DATA FOR REVIEW:
>>>>>
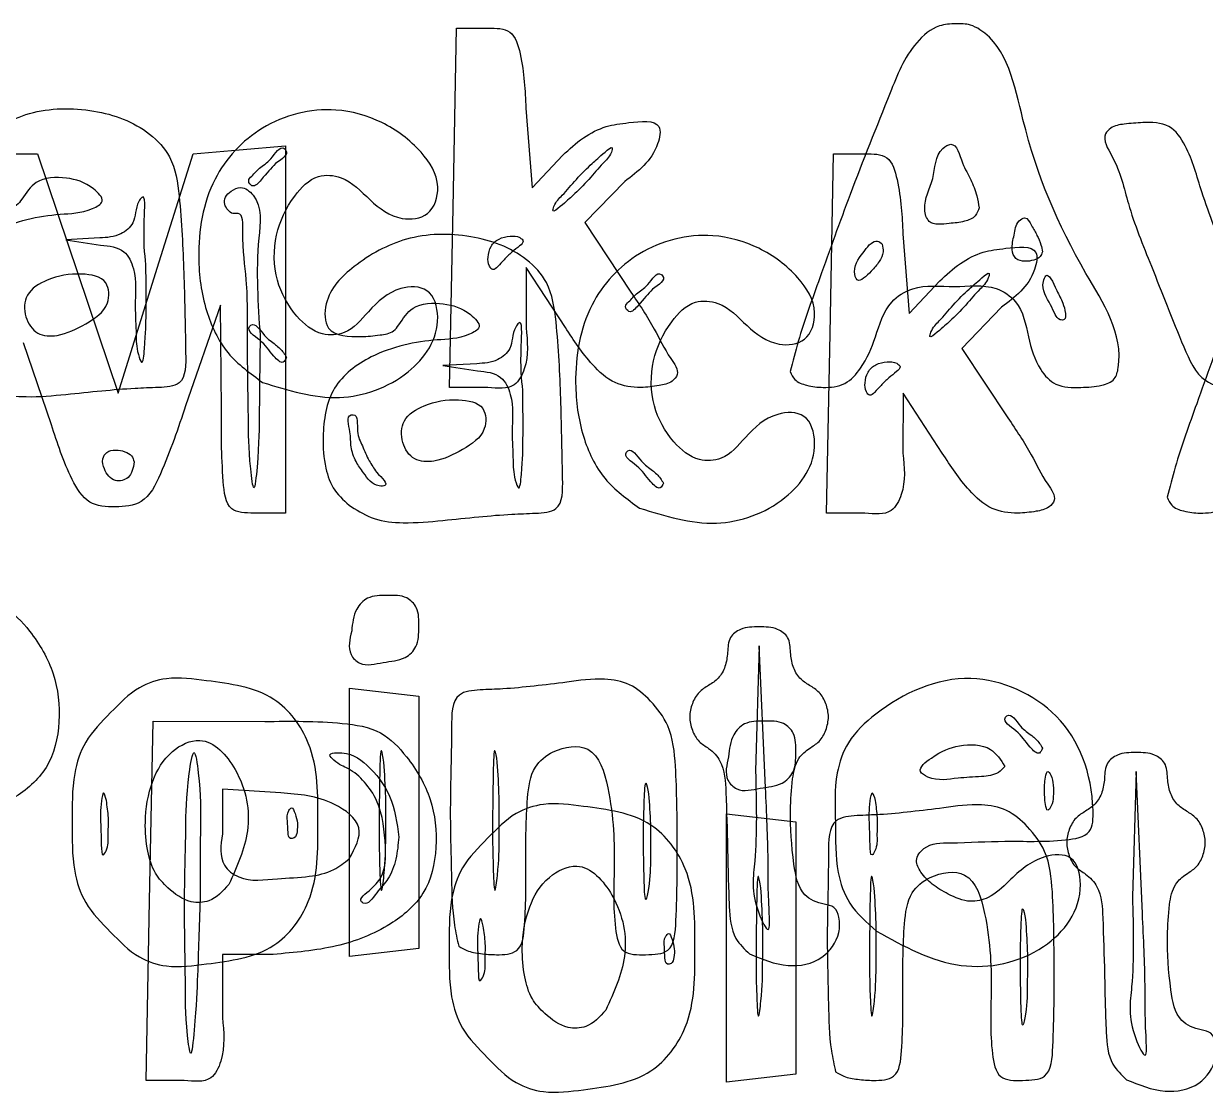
# Model space of a CAD drawing. Extents: x 0.12 to 3.45, y 0.56 to 2.39.
# Drawn here: x 1.9787 to 2.2913, y 0.5721 to 0.8549 of the extents above; entities that cross this region are included whole.
import ezdxf

# ---------------------------------------------------------------- set-up
doc = ezdxf.new("R2010")
doc.units = 0
doc.layers.get('0').update_dxf_attribs({"linetype": 'CONTINUOUS'})

msp = doc.modelspace()

# ---------------------------------------------------------------- linework, layer by layer
at = {"color": 7}
for p, q in [((2.09229, 0.806248), (2.093214, 0.853748)), ((2.093214, 0.853748), (2.101548, 0.853748)), ((2.111548, 0.832611), (2.113214, 0.811474)), ((2.035715, 0.821548), (2.047916, 0.822583)), ((2.047916, 0.822583), (2.047916, 0.774048)), ((1.970969, 0.820514), (1.982355, 0.820514)), ((1.982355, 0.820514), (1.993014, 0.788847)), ((2.013593, 0.788847), (2.023513, 0.820514)), ((2.023513, 0.820514), (2.035715, 0.821548)), ((2.113214, 0.811474), (2.121296, 0.820111)), ((2.191991, 0.773014), (2.192916, 0.820514)), ((2.192916, 0.820514), (2.201249, 0.820514)), ((2.045306, 0.817914), (2.045306, 0.817914)), ((2.137669, 0.813184), (2.127123, 0.802304)), ((2.128215, 0.813748), (2.128215, 0.813748)), ((2.09136, 0.758748), (2.092284, 0.806248)), ((2.092284, 0.806248), (2.09229, 0.806248)), ((2.23143, 0.806248), (2.23143, 0.806248)), ((2.127123, 0.802304), (2.139335, 0.78391)), ((1.998827, 0.798248), (1.989881, 0.797748)), ((1.989881, 0.797748), (1.999048, 0.79636)), ((2.211249, 0.799377), (2.212916, 0.77824)), ((2.109881, 0.796158), (2.109881, 0.796158)), ((2.205782, 0.796604), (2.205782, 0.796604)), ((2.248164, 0.794581), (2.248164, 0.794581)), ((2.011049, 0.791247), (2.011049, 0.791248)), ((2.276999, 0.790796), (2.276999, 0.790796)), ((1.993014, 0.788847), (2.003673, 0.75718)), ((2.003673, 0.75718), (2.013593, 0.788847)), ((2.111626, 0.790414), (2.111582, 0.774581)), ((2.121981, 0.774581), (2.111626, 0.790414)), ((2.145008, 0.78468), (2.145008, 0.78468)), ((2.212916, 0.77824), (2.220997, 0.786877)), ((2.251955, 0.784331), (2.251955, 0.784331)), ((2.030727, 0.780514), (2.02154, 0.753847)), ((2.030989, 0.753014), (2.030727, 0.780514)), ((2.23737, 0.779951), (2.226824, 0.76907)), ((2.227916, 0.780514), (2.227916, 0.780514)), ((1.995101, 0.775532), (1.9951, 0.775532)), ((2.041249, 0.772425), (2.041249, 0.772425)), ((2.047916, 0.774048), (2.047916, 0.725514)), ((2.191061, 0.725514), (2.191985, 0.773014)), ((2.191985, 0.773014), (2.191991, 0.773014)), ((1.986056, 0.748847), (1.978627, 0.770514)), ((2.226824, 0.76907), (2.239037, 0.750676)), ((2.048215, 0.766673), (2.048215, 0.766673)), ((2.098528, 0.765014), (2.089583, 0.764514)), ((2.089583, 0.764514), (2.098749, 0.763126)), ((2.181446, 0.762914), (2.181446, 0.762914)), ((2.209583, 0.762924), (2.209583, 0.762924)), ((2.041915, 0.760066), (2.041915, 0.760066)), ((2.101451, 0.758748), (2.09136, 0.758748)), ((2.11075, 0.758013), (2.11075, 0.758014)), ((2.211328, 0.75718), (2.211283, 0.741347)), ((2.221683, 0.741347), (2.211328, 0.75718)), ((2.094802, 0.742298), (2.094802, 0.742298)), ((2.007916, 0.739044), (2.007916, 0.739044)), ((2.072016, 0.736347), (2.072016, 0.736347)), ((2.147916, 0.733439), (2.147916, 0.733439)), ((2.281148, 0.72968), (2.281148, 0.72968)), ((2.047916, 0.725514), (2.039583, 0.725514)), ((2.065416, 0.727126), (2.065416, 0.727126)), ((2.141616, 0.726832), (2.141616, 0.726832)), ((2.201153, 0.725514), (2.191061, 0.725514)), ((2.065469, 0.694336), (2.065469, 0.694336)), ((2.173263, 0.690414), (2.172277, 0.657318)), ((2.174905, 0.652908), (2.173263, 0.690414)), ((2.064881, 0.643748), (2.064881, 0.67919)), ((2.064881, 0.67919), (2.074048, 0.678136)), ((2.074048, 0.678136), (2.083214, 0.677082)), ((2.083214, 0.677082), (2.083214, 0.643748)), ((2.011991, 0.623014), (2.012916, 0.670514)), ((2.012916, 0.670514), (2.042454, 0.670414)), ((2.248214, 0.66334), (2.248214, 0.66334)), ((2.07398, 0.659682), (2.073984, 0.659682)), ((2.10398, 0.659682), (2.103984, 0.659682)), ((2.165171, 0.661102), (2.165171, 0.661102)), ((2.238214, 0.658523), (2.238214, 0.658523)), ((2.272964, 0.65718), (2.271979, 0.624084)), ((2.274607, 0.619674), (2.272964, 0.65718)), ((2.250422, 0.656248), (2.250422, 0.656248)), ((2.046741, 0.65153), (2.031249, 0.652545)), ((2.031249, 0.652545), (2.031249, 0.640696)), ((2.143976, 0.651248), (2.143976, 0.651248)), ((2.174905, 0.652908), (2.174905, 0.652908)), ((2.000571, 0.649542), (2.000572, 0.649542)), ((2.203905, 0.649542), (2.203905, 0.649542)), ((2.050492, 0.646039), (2.050492, 0.646039)), ((2.164583, 0.610514), (2.164583, 0.645957)), ((2.164583, 0.645957), (2.173749, 0.644902)), ((2.173749, 0.644902), (2.182916, 0.643848)), ((2.064881, 0.608306), (2.064881, 0.643749)), ((2.064881, 0.643749), (2.064881, 0.643748)), ((2.083214, 0.643748), (2.083214, 0.610415)), ((2.182916, 0.643848), (2.182916, 0.610514)), ((2.077916, 0.639826), (2.077916, 0.639826)), ((2.064815, 0.634126), (2.064815, 0.634127)), ((2.032976, 0.627319), (2.032976, 0.627319)), ((2.173681, 0.626448), (2.173685, 0.626448)), ((2.203681, 0.626448), (2.203685, 0.626448)), ((2.011066, 0.57551), (2.01199, 0.62301)), ((2.01199, 0.62301), (2.011991, 0.623014)), ((2.02536, 0.62324), (2.02536, 0.62324)), ((2.274607, 0.619674), (2.274607, 0.619674)), ((2.100273, 0.616308), (2.100274, 0.616308)), ((2.243678, 0.618014), (2.243678, 0.618014)), ((2.001707, 0.614742), (2.001707, 0.614742)), ((2.150193, 0.612805), (2.150193, 0.612805)), ((2.204285, 0.614976), (2.204285, 0.614976)), ((2.083214, 0.610415), (2.074048, 0.60936)), ((2.09377, 0.61097), (2.09377, 0.61097)), ((2.164583, 0.575072), (2.164583, 0.610515)), ((2.164583, 0.610515), (2.164583, 0.610514)), ((2.182916, 0.610514), (2.182916, 0.577181)), ((2.044689, 0.608844), (2.031249, 0.608844)), ((2.031249, 0.608844), (2.031249, 0.592177)), ((2.074048, 0.60936), (2.064881, 0.608306)), ((2.170714, 0.608935), (2.170714, 0.608935)), ((2.132678, 0.594085), (2.132678, 0.594085)), ((2.101409, 0.581508), (2.101409, 0.581508)), ((2.021158, 0.57551), (2.011066, 0.57551)), ((2.173749, 0.576127), (2.164583, 0.575072)), ((2.182916, 0.577181), (2.173749, 0.576127)), ((2.193472, 0.577736), (2.193472, 0.577736)), ((2.270416, 0.575702), (2.270416, 0.575702))]:
    msp.add_line(p, q, dxfattribs=at)
for points, knots in [([(2.101548, 0.853748), (2.103701, 0.853735), (2.108211, 0.85371), (2.111029, 0.84385), (2.111335, 0.837212), (2.111548, 0.832611)], [0, 0, 0, 0, 0.005825, 0.012197, 0.026595, 0.026595, 0.026595, 0.026595]), ([(2.181446, 0.762914), (2.18213, 0.76557), (2.18429, 0.773959), (2.189944, 0.789455), (2.197737, 0.811494), (2.206149, 0.832233), (2.212495, 0.848325), (2.219777, 0.854566), (2.225098, 0.85495), (2.22883, 0.854875), (2.238833, 0.849671), (2.243668, 0.821981), (2.255222, 0.794496), (2.270292, 0.77203), (2.267467, 0.760518), (2.263202, 0.758878), (2.258078, 0.758728), (2.251691, 0.758625), (2.24651, 0.764315), (2.244301, 0.772159), (2.242748, 0.780998), (2.234537, 0.786392), (2.224859, 0.784837), (2.215107, 0.786261), (2.206656, 0.780986), (2.20427, 0.772246), (2.201082, 0.764626), (2.196224, 0.759155), (2.190555, 0.75854), (2.186151, 0.759097), (2.182618, 0.760291), (2.181788, 0.762148), (2.181446, 0.762914)], [0, 0, 0, 0, 0.008224, 0.025977, 0.049438, 0.078306, 0.093343, 0.100856, 0.105199, 0.109055, 0.111875, 0.138162, 0.182157, 0.208536, 0.211639, 0.215322, 0.22089, 0.227596, 0.233121, 0.242341, 0.252227, 0.258474, 0.269528, 0.280558, 0.287151, 0.297304, 0.306428, 0.312235, 0.318067, 0.322451, 0.325918, 0.32835, 0.32835, 0.32835, 0.32835]), ([(1.965715, 0.76036), (1.964089, 0.761724), (1.960827, 0.764464), (1.958436, 0.771266), (1.957894, 0.780429), (1.959638, 0.792526), (1.972117, 0.801871), (1.985568, 0.804714), (1.994783, 0.80474), (2.000733, 0.807941), (1.995902, 0.812754), (1.990275, 0.814442), (1.98193, 0.814324), (1.978978, 0.809532), (1.97662, 0.806333), (1.972702, 0.805726), (1.967283, 0.805206), (1.958507, 0.805676), (1.9585, 0.816777), (1.966938, 0.825137), (1.980304, 0.832554), (1.99707, 0.832899), (2.010364, 0.828112), (2.018527, 0.819294), (2.020385, 0.80604), (2.02114, 0.788359), (2.021449, 0.773539), (2.021703, 0.759129), (2.013924, 0.758667), (2.007379, 0.758474), (1.999087, 0.75777), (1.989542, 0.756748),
<<<<<
EXERCISE BRIEF: The reply should hold only the lines running from the top of the records to the line containing "doc.units = 0", both included, copied exactly with no pictures.

COMPLETED TASK:
# Model space of a CAD drawing. Extents: x 0.12 to 3.45, y 0.56 to 2.39.
# Drawn here: x 1.9787 to 2.2913, y 0.5721 to 0.8549 of the extents above; entities that cross this region are included whole.
import ezdxf

# ---------------------------------------------------------------- set-up
doc = ezdxf.new("R2010")
doc.units = 0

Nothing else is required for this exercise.